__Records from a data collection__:
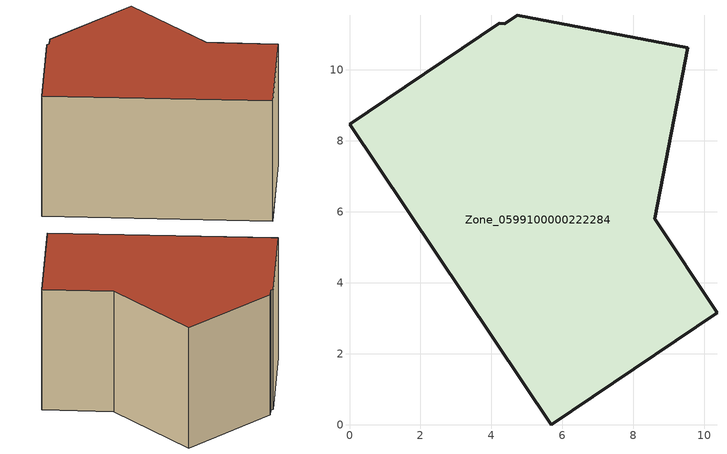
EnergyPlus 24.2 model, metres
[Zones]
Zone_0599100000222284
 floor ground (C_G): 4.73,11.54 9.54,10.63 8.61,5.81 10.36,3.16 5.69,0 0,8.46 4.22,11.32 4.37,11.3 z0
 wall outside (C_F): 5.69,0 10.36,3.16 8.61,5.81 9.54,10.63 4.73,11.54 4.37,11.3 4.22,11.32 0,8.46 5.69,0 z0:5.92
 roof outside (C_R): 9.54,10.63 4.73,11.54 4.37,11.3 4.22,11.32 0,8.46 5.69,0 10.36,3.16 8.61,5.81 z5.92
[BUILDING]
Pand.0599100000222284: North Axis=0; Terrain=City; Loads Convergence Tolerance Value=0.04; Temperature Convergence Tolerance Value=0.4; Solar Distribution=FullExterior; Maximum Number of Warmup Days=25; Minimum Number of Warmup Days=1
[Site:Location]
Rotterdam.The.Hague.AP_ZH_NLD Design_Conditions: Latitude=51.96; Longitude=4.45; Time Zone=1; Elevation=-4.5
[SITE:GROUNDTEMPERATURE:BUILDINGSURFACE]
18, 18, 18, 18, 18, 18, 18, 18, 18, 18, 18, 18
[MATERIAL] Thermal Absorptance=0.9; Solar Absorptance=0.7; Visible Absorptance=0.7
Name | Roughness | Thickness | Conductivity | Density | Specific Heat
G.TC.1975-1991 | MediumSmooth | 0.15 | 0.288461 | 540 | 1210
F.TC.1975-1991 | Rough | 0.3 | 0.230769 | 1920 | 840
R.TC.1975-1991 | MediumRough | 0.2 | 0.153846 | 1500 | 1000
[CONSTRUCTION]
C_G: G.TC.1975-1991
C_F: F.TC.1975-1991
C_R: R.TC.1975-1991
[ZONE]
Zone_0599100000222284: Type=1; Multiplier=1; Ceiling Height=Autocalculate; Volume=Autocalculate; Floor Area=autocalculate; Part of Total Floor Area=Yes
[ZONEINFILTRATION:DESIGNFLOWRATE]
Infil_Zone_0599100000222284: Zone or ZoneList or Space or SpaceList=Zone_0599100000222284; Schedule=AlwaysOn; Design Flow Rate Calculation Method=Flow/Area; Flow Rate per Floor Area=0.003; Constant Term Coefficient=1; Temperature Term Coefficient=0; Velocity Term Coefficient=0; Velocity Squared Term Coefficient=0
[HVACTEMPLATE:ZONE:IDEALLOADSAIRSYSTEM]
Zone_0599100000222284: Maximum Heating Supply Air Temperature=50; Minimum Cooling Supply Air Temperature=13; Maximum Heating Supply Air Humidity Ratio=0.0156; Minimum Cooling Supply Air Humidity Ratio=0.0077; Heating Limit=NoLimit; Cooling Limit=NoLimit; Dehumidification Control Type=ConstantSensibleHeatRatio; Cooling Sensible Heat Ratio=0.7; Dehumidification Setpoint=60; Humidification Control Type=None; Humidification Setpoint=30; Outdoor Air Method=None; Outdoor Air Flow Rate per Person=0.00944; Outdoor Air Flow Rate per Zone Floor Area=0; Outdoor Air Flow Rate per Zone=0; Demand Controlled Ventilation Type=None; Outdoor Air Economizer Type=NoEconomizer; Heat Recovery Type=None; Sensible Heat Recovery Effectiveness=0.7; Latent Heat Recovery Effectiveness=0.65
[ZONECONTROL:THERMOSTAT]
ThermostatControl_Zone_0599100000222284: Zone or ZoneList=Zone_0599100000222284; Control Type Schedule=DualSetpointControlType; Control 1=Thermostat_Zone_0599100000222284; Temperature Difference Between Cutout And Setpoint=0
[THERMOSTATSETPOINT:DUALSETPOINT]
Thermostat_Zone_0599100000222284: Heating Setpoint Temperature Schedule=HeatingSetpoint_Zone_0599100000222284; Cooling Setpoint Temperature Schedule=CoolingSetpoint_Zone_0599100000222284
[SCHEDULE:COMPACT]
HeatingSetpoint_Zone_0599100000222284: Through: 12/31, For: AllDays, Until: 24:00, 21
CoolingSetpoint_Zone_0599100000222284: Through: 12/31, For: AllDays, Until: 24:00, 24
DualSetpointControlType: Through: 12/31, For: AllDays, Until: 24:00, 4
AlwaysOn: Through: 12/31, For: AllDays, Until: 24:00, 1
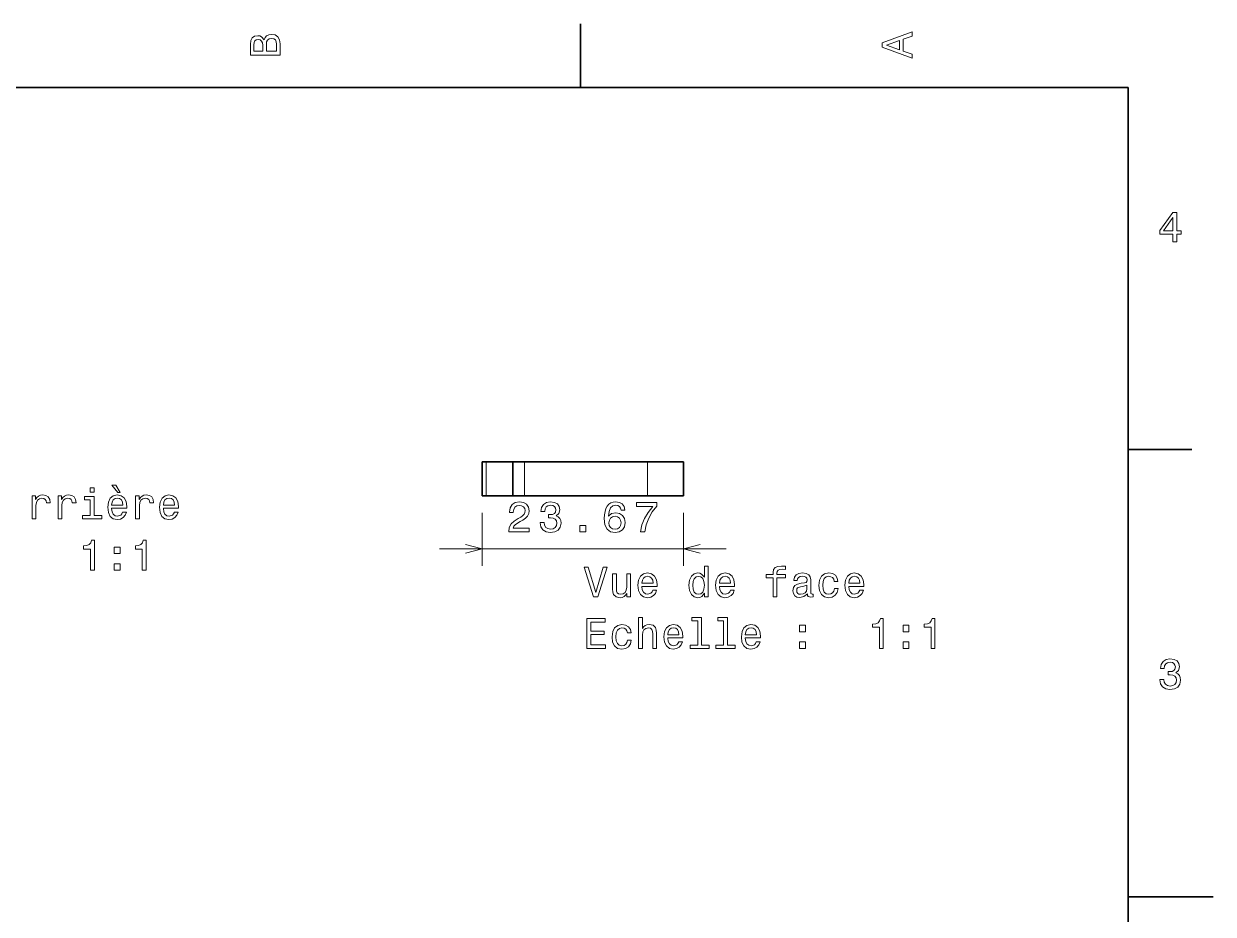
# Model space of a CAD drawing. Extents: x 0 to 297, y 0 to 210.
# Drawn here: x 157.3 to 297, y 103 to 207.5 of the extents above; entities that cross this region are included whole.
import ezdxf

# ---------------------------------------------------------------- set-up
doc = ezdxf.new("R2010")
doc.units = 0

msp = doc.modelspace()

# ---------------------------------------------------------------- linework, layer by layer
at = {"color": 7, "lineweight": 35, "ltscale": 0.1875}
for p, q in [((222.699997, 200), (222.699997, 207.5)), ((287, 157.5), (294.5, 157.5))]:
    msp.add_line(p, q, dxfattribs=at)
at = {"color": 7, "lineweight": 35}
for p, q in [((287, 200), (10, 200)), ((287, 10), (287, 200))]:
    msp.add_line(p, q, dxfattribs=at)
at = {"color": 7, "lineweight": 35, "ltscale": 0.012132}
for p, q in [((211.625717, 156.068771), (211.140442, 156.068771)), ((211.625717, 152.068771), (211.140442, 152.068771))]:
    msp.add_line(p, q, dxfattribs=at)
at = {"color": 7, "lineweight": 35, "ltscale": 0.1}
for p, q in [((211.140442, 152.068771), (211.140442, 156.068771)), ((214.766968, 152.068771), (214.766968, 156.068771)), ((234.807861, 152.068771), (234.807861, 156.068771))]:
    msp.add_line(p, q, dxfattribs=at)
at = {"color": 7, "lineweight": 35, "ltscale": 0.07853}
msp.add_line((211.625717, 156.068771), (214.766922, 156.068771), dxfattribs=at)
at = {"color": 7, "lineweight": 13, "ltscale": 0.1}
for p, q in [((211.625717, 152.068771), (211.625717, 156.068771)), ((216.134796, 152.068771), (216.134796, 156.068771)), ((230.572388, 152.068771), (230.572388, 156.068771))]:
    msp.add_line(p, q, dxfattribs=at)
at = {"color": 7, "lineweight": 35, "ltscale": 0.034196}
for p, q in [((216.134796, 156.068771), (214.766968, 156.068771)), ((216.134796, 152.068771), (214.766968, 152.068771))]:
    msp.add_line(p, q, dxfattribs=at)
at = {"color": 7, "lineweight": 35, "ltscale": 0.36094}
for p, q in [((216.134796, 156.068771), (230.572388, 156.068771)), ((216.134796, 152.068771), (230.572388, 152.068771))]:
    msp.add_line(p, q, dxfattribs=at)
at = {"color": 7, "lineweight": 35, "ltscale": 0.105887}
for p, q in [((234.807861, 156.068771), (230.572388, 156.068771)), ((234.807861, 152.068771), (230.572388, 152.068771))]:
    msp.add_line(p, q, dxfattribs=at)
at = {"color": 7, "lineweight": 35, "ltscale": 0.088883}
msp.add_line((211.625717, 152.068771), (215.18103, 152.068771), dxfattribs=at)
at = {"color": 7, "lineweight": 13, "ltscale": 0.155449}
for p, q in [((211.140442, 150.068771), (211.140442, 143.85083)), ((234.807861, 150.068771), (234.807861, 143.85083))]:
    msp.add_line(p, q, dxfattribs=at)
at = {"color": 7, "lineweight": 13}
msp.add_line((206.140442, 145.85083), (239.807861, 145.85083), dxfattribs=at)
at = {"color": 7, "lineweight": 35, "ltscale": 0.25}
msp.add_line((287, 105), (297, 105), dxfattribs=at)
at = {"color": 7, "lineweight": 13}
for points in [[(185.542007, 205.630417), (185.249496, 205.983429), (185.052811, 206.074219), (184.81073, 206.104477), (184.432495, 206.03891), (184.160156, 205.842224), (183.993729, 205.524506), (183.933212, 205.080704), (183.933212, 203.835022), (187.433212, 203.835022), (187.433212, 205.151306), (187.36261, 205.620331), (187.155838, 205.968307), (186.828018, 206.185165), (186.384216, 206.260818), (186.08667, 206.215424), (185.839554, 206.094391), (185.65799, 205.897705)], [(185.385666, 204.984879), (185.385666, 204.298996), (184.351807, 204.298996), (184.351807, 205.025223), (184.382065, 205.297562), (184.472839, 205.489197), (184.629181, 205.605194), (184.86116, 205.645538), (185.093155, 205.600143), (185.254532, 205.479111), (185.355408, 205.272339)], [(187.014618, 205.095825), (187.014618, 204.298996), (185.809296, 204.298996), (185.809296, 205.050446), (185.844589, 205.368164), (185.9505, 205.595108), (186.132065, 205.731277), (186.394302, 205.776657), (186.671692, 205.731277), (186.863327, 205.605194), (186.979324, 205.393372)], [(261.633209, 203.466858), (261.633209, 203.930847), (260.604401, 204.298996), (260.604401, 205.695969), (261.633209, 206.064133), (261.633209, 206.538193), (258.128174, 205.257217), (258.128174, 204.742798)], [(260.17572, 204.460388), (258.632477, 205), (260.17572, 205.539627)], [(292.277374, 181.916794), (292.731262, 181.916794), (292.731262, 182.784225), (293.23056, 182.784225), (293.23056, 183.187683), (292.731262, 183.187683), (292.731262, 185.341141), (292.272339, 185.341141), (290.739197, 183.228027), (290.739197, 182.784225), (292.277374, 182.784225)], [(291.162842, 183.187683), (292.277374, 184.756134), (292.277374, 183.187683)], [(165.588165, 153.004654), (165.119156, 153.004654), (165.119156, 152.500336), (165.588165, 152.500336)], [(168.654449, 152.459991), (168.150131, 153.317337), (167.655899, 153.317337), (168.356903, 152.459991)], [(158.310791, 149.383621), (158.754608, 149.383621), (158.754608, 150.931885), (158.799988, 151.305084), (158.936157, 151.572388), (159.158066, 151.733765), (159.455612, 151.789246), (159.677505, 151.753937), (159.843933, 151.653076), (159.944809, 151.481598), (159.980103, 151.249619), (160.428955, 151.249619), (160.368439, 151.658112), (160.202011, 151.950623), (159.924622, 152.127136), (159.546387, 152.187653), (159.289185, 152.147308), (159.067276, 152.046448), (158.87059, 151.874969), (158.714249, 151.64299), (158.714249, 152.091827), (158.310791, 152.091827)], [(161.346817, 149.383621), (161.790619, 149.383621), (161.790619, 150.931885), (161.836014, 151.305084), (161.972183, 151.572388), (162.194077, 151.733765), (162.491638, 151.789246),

__Assignment__:
Repeat the records above exactly, from the first line through the line containing "G.TC.1975-1991 | MediumSmooth", and leave out the pictures.

__Your response__:
EnergyPlus 24.2 model, metres
[Zones]
Zone_0599100000222284
 floor ground (C_G): 4.73,11.54 9.54,10.63 8.61,5.81 10.36,3.16 5.69,0 0,8.46 4.22,11.32 4.37,11.3 z0
 wall outside (C_F): 5.69,0 10.36,3.16 8.61,5.81 9.54,10.63 4.73,11.54 4.37,11.3 4.22,11.32 0,8.46 5.69,0 z0:5.92
 roof outside (C_R): 9.54,10.63 4.73,11.54 4.37,11.3 4.22,11.32 0,8.46 5.69,0 10.36,3.16 8.61,5.81 z5.92
[BUILDING]
Pand.0599100000222284: North Axis=0; Terrain=City; Loads Convergence Tolerance Value=0.04; Temperature Convergence Tolerance Value=0.4; Solar Distribution=FullExterior; Maximum Number of Warmup Days=25; Minimum Number of Warmup Days=1
[Site:Location]
Rotterdam.The.Hague.AP_ZH_NLD Design_Conditions: Latitude=51.96; Longitude=4.45; Time Zone=1; Elevation=-4.5
[SITE:GROUNDTEMPERATURE:BUILDINGSURFACE]
18, 18, 18, 18, 18, 18, 18, 18, 18, 18, 18, 18
[MATERIAL] Thermal Absorptance=0.9; Solar Absorptance=0.7; Visible Absorptance=0.7
Name | Roughness | Thickness | Conductivity | Density | Specific Heat
G.TC.1975-1991 | MediumSmooth | 0.15 | 0.288461 | 540 | 1210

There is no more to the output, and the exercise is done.